Dmitry Glukhovsky “Metro 2033“
Dmitry Glukhovsky, ein russischer Science-Fiction und Fantasy Schriftsteller, der 1979 geboren wurde, lebt im Ausland, seit er den Angriffskrieg gegen die Ukraine öffentlich verurteilt hat. Seine Bücher sind in Russland verboten, in seiner Abwesenheit wurde er zu mehreren Jahren Straflager verurteilt.

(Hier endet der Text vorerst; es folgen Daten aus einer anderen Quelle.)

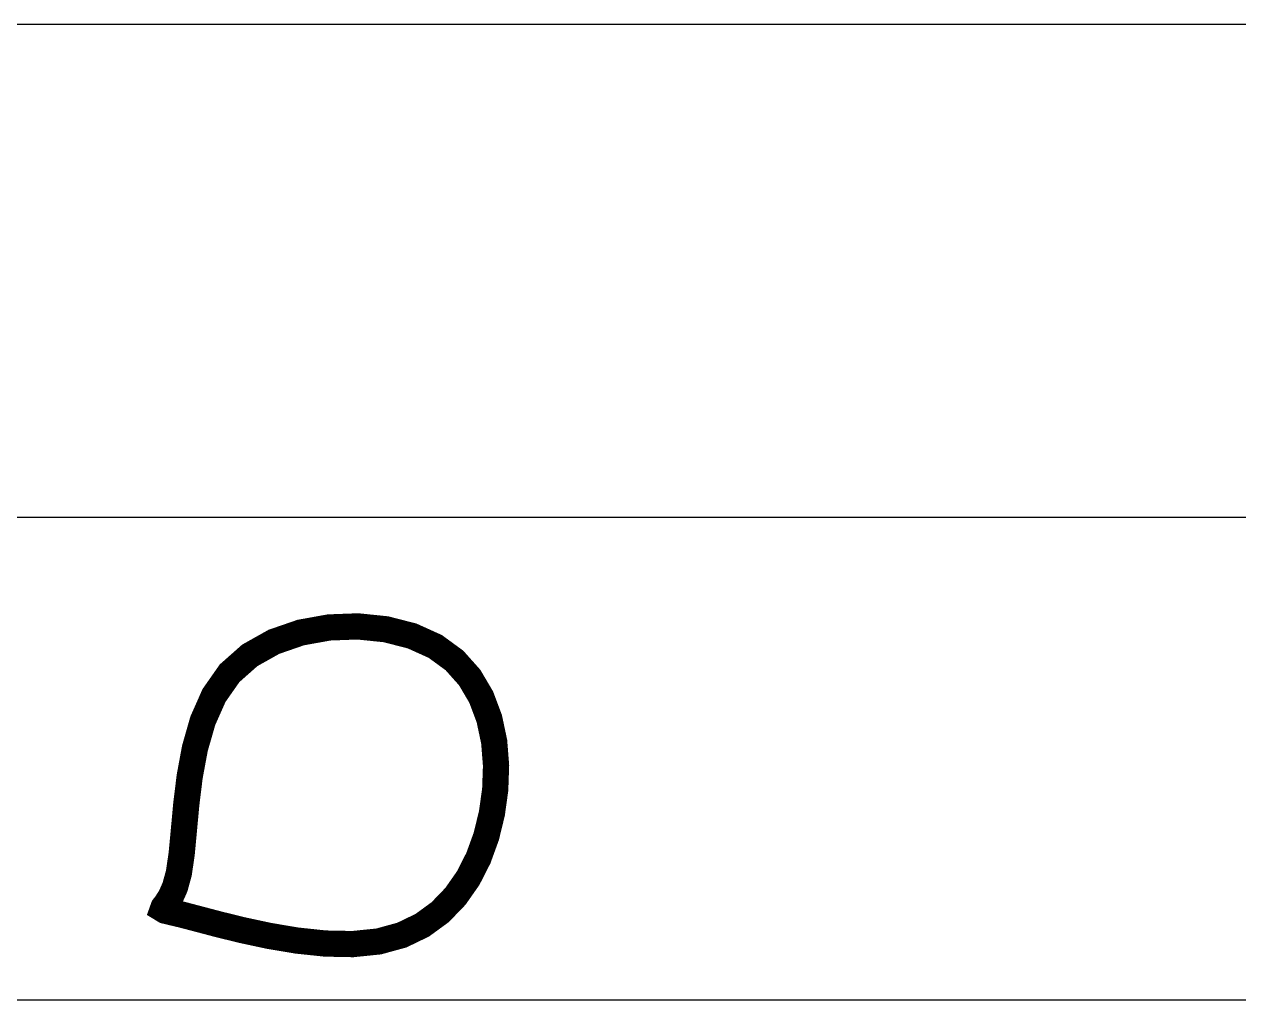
# Model space of a CAD drawing. Extents: x 0 to 21025, y 0 to 14850.
# Drawn here: x 5050 to 5629, y 5270 to 5735 of the extents above; entities that cross this region are included whole.
import ezdxf

# ---------------------------------------------------------------- set-up
doc = ezdxf.new("R2010")
doc.units = 0
doc.header["$LTSCALE"] = 175
doc.layers.add('BEMASSUNG', color=7, linetype='CONTINUOUS')
doc.layers.add('ERDBODEN', color=5, linetype='CONTINUOUS')

msp = doc.modelspace()

# ---------------------------------------------------------------- linework, layer by layer
at = {"layer": 'BEMASSUNG'}
for points in [[(4005, 5735), (6080, 5735)], [(4010, 5500), (6195, 5500)], [(3390, 5270), (6320, 5270)]]:
    msp.add_lwpolyline(points, dxfattribs=at)
at = {"layer": 'ERDBODEN', "const_width": 12.5}
msp.add_lwpolyline([(5148.133859, 5425.619621), (5157.768082, 5434.151274), (5169.25088, 5440.602037), (5182.032676, 5445.021851), (5195.563894, 5447.460657), (5209.294959, 5447.968397), (5222.676295, 5446.59501), (5235.158326, 5443.390439), (5246.191475, 5438.404625), (5255.337193, 5431.723577), (5262.601031, 5423.577581), (5268.099564, 5414.232991), (5271.949371, 5403.956161), (5274.267026, 5393.013445), (5275.169108, 5381.671197), (5274.772191, 5370.195772), (5273.192854, 5358.853523), (5270.522691, 5347.896933), (5266.753377, 5337.522992), (5261.851604, 5327.914819), (5255.784064, 5319.255532), (5248.517451, 5311.728251), (5240.018456, 5305.516094), (5230.253774, 5300.802179), (5219.190097, 5297.769626), (5206.882936, 5296.512768), (5193.743087, 5296.7708), (5180.270164, 5298.194132), (5166.963779, 5300.433174), (5154.323547, 5303.138338), (5142.849082, 5305.960031), (5133.039997, 5308.548666), (5125.395907, 5310.554651), (5120.263765, 5311.7588), (5117.379886, 5312.463535), (5116.327925, 5313.101681), (5116.691536, 5314.106064), (5118.054374, 5315.909507), (5120.000094, 5318.944838), (5122.11235, 5323.64488), (5123.974797, 5330.442459), (5125.30432, 5339.601153), (5126.350727, 5350.707561), (5127.497056, 5363.179032), (5129.126344, 5376.432917), (5131.621631, 5389.886568), (5135.365953, 5402.957335), (5140.74235, 5415.062569)], close=True, dxfattribs=at)

doc.saveas('drawing.dxf')

Der erste Band von Glukhovskys Metro-Romanen, die auch von anderen Schriftstellern fortgesetzt wurden und Vorlage für ein Computerspiel sind, ist eine Dystopie. In dieser düsteren Zukunftsvision kritisiert der Autor unter anderem herrschende politische Zustände in Russland.
Nach einem verheerenden atomaren Krieg, der die Oberfläche der Erde unbewohnbar gemacht hat, leben die Menschen unterirdisch in den Moskauer Metrostationen. Dort haben sie sich in Gruppen zusammengeschlossen und bilden Interessensgemeinschaften. So gibt es die „Hanse“, die Handel betreiben, das faschistoide „Vierte Reich“ und die „Polis“, das Zentrum des unterirdischen Gebietes, das Zugang zu Bildung hat und diese noch hochhält.
Die Tunnel verbinden die einzelnen Stationen, aber U-Bahnen fahren nicht mehr und die Ausgänge nach oben sind verbarrikadiert und werden streng bewacht. In den Tunneln geschehen seltsame Dinge. Auf der Oberfläche haben sich eigenartige Lebensformen entwickelt, wie zum Beispiel die „Schwarzen“, die versuchen in die U-Bahn einzudringen.
In dieser Welt lebt der zwanzigjährige Artjom, eine Waise, mit seinem Ziehvater. Ihre Station wird von den Schwarzen bedroht, da Artjom als Kind mit seinen Freunden die Sperre zur Oberwelt geöffnet und nicht wieder geschlossen hat.
Als der Soldat Hunter erscheint, mit dem Auftrag, das Tor nach oben zu schließen, bittet er Artjom, im Falle seines Verschwindens in die Polis zu gehen, um die Menschen vor der Gefahr zu warnen.
Der Leser ahnt es: Artjom macht sich auf die Reise, erlebt seltsame Abenteuer und Gefahren und wird von Träumen und Ahnungen geplagt. Er hält sich sogar eine Weile an der Oberfläche auf und es gelingt ihm schließlich, die Schwarzen, die im Botanischen Garten leben, mit Hilfe einer Rakete zu vernichten.
Damit sind die Probleme aber nicht gelöst. Nichts ist so, wie es scheint, und Artjom muss erkennen, dass er schuldig geworden ist, so schuldig wie die Zerstörer vor ihm.
Dmitry Glukhovsky ist es gelungen, in diesen Romanen eine vollständig andere Welt zu erschaffen, das Leben im Untergrund ist faszinierend, was passiert, oft überraschend. Leider bleiben dabei die Charaktere der einzelnen Akteure schemenhaft, es ist, als würde man auch als Leser im Dunklen tappen – wie Artjom, der die Wahrheit zu spät erkennt.
Dmitry Glukhovsky hat den Rohentwurf seiner drei Metro-Romane zuerst im Internet veröffentlicht, sodass seine Leser an der endgültigen Gestaltung der Werke mitarbeiten konnten. Manchmal ist das zu merken, wenn Erzählstränge im Nichts münden und auf einmal völlig neue Aspekte auftauchen. Aber vielleicht ist dies ja auch ein gewolltes Abbild der Stadt im Untergrund, wo in jedem Tunnel eine Überraschung lauern kann, manchmal auch einfach nur eine Sackgasse.
Ein spannendes Buch, dessen Inhalt zum „Abtauchen“ einlädt.